There's no two ways about it, parking in London has become something of a nightmare! The situation has improved slightly since the introduction of the congestion charge which has cut down the amount of vehicles in central London (and I don't care how many people complain about it- something needed to be done!).
But despite Ken and Boris' best efforts, Londoners are still being forced to come up with ever more creative ways of dealing with the lack of space to park their four-wheeled friends.
Park my car at your house?
One of the funniest solutions I've come across to the parking problem in London is the website Park At My House.
You may laugh at the idea, but judging by the 'traffic' the site seems to be receiving, these guys could be on to a honking good idea (ok, enough auto-mobile puns).
Users can access this website to arrange the rental of someone's driveway or parking space at an affordable daily rate. At a quick glance, there's spaces on offer from Kings Cross to Stockwell going for just over a tenner, and each parking space advert comes with a brief description and space for users to leave reviews and comments of their past experiences!
Parking ideas for London commuters
One idea that seems to prove quite popular with commuters is to drive into London and then leave your vehicle parked close to a tube station on the outskirts.
The plus side of this method is that you'll usually be able to find free parking around a tube station like Morden (at the southern end of the Northern Line). On the down side you'll still have to endure a time-consuming tube commute which (especially from zones 4 and beyond) might cost just as much as paying for parking.

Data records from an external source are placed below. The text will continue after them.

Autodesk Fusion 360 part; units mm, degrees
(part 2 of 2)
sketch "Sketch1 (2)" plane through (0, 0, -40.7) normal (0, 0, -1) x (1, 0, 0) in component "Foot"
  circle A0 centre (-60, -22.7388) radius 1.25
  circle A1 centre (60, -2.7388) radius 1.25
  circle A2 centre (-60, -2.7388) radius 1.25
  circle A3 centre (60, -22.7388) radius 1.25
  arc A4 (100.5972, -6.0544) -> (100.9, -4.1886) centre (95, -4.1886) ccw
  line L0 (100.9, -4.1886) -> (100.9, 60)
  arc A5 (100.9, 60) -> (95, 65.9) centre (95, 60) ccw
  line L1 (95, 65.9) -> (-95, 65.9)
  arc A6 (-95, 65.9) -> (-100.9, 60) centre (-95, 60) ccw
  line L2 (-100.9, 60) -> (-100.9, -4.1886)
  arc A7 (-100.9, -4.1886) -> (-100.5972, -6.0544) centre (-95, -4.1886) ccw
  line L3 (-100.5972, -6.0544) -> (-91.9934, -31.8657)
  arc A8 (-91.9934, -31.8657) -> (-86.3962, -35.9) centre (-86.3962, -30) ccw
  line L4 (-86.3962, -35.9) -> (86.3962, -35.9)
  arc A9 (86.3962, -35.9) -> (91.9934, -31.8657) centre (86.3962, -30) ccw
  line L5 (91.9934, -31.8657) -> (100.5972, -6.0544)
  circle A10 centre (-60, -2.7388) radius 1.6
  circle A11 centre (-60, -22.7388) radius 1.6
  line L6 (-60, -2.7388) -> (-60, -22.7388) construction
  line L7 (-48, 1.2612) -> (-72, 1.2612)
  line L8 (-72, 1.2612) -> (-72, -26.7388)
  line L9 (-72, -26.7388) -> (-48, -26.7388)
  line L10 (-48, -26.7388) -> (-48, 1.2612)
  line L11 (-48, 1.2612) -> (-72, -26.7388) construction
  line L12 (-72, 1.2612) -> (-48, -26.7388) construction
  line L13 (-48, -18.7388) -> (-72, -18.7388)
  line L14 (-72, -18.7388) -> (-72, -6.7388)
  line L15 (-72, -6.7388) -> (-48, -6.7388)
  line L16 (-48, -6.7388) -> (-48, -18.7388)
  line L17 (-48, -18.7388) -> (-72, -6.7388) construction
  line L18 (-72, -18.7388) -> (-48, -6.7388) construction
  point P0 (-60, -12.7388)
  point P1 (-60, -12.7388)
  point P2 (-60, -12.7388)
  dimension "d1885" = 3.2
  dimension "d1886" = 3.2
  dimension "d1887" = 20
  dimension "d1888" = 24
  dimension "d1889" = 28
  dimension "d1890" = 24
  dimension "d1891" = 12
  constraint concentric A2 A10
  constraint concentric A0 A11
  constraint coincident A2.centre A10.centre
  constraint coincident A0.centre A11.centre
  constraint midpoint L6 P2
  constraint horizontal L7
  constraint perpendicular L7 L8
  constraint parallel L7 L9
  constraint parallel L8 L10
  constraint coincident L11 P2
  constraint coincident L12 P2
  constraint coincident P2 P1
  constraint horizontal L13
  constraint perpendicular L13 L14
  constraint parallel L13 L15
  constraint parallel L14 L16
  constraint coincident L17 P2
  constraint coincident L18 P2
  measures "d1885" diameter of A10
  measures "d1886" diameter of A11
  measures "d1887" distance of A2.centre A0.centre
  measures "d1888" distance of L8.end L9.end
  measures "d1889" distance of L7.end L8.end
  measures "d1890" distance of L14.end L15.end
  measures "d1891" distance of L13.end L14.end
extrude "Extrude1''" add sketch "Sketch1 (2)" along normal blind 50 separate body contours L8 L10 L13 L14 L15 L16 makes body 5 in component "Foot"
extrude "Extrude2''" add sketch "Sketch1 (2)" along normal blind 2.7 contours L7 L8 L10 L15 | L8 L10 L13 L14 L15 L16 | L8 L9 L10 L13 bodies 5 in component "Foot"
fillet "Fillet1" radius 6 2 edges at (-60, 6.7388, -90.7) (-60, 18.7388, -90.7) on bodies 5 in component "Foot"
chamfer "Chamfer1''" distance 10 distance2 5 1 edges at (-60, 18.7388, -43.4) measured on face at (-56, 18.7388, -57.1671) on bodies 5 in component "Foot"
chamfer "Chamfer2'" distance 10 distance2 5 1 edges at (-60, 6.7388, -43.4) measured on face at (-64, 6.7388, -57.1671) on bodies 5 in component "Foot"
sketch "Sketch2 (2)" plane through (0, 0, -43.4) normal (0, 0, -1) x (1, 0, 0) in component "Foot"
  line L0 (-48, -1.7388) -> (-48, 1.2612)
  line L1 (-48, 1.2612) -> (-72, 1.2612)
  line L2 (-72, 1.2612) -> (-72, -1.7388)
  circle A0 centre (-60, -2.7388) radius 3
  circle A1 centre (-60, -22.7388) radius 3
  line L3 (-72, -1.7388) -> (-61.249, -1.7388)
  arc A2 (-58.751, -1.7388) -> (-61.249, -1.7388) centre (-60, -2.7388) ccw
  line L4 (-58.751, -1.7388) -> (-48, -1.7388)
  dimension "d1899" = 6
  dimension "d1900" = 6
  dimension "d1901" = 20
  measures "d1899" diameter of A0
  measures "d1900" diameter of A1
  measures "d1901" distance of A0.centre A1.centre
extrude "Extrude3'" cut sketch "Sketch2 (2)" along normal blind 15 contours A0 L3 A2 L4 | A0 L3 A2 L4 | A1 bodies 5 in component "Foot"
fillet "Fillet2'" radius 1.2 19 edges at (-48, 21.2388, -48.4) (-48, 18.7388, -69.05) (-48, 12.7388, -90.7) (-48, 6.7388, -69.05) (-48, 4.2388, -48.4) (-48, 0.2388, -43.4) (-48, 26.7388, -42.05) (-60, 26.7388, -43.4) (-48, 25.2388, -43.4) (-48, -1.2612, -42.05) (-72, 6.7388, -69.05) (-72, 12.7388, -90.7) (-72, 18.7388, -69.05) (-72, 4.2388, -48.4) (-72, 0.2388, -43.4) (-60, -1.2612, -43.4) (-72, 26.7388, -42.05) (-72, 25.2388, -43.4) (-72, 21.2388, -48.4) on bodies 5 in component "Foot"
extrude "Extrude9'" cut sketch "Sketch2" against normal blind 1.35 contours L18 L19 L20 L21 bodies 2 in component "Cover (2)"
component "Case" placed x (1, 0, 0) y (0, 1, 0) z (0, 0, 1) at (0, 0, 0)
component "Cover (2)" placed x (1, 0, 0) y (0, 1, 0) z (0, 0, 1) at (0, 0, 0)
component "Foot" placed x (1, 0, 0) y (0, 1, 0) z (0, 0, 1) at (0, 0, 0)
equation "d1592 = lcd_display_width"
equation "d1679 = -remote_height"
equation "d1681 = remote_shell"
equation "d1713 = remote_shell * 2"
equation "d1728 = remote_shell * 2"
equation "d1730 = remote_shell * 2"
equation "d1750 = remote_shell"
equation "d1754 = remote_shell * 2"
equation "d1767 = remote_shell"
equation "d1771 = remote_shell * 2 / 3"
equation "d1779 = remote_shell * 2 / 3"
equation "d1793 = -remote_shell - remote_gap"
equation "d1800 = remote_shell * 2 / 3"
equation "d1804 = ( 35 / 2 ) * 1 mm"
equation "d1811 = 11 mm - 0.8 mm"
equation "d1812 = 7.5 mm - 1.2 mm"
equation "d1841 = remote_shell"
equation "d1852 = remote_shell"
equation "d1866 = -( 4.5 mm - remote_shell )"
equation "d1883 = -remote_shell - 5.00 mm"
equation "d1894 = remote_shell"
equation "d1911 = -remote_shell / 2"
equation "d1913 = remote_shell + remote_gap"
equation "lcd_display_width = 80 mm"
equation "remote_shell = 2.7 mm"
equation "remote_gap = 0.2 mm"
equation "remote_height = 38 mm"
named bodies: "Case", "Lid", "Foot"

Parking space finders on the internet
One internet parking tool that I use loads is park-up.com. It's a pretty straightforward site to use: You type in your desired postcode or address and the website comes up with a map detailing all the pay and display zones and the private and public car parks in the area. The site is really handy because it also gives you all sorts of extra information on tariffs, opening times etc., as well as data about things to watch out for like car theft statistics and council clamping fines.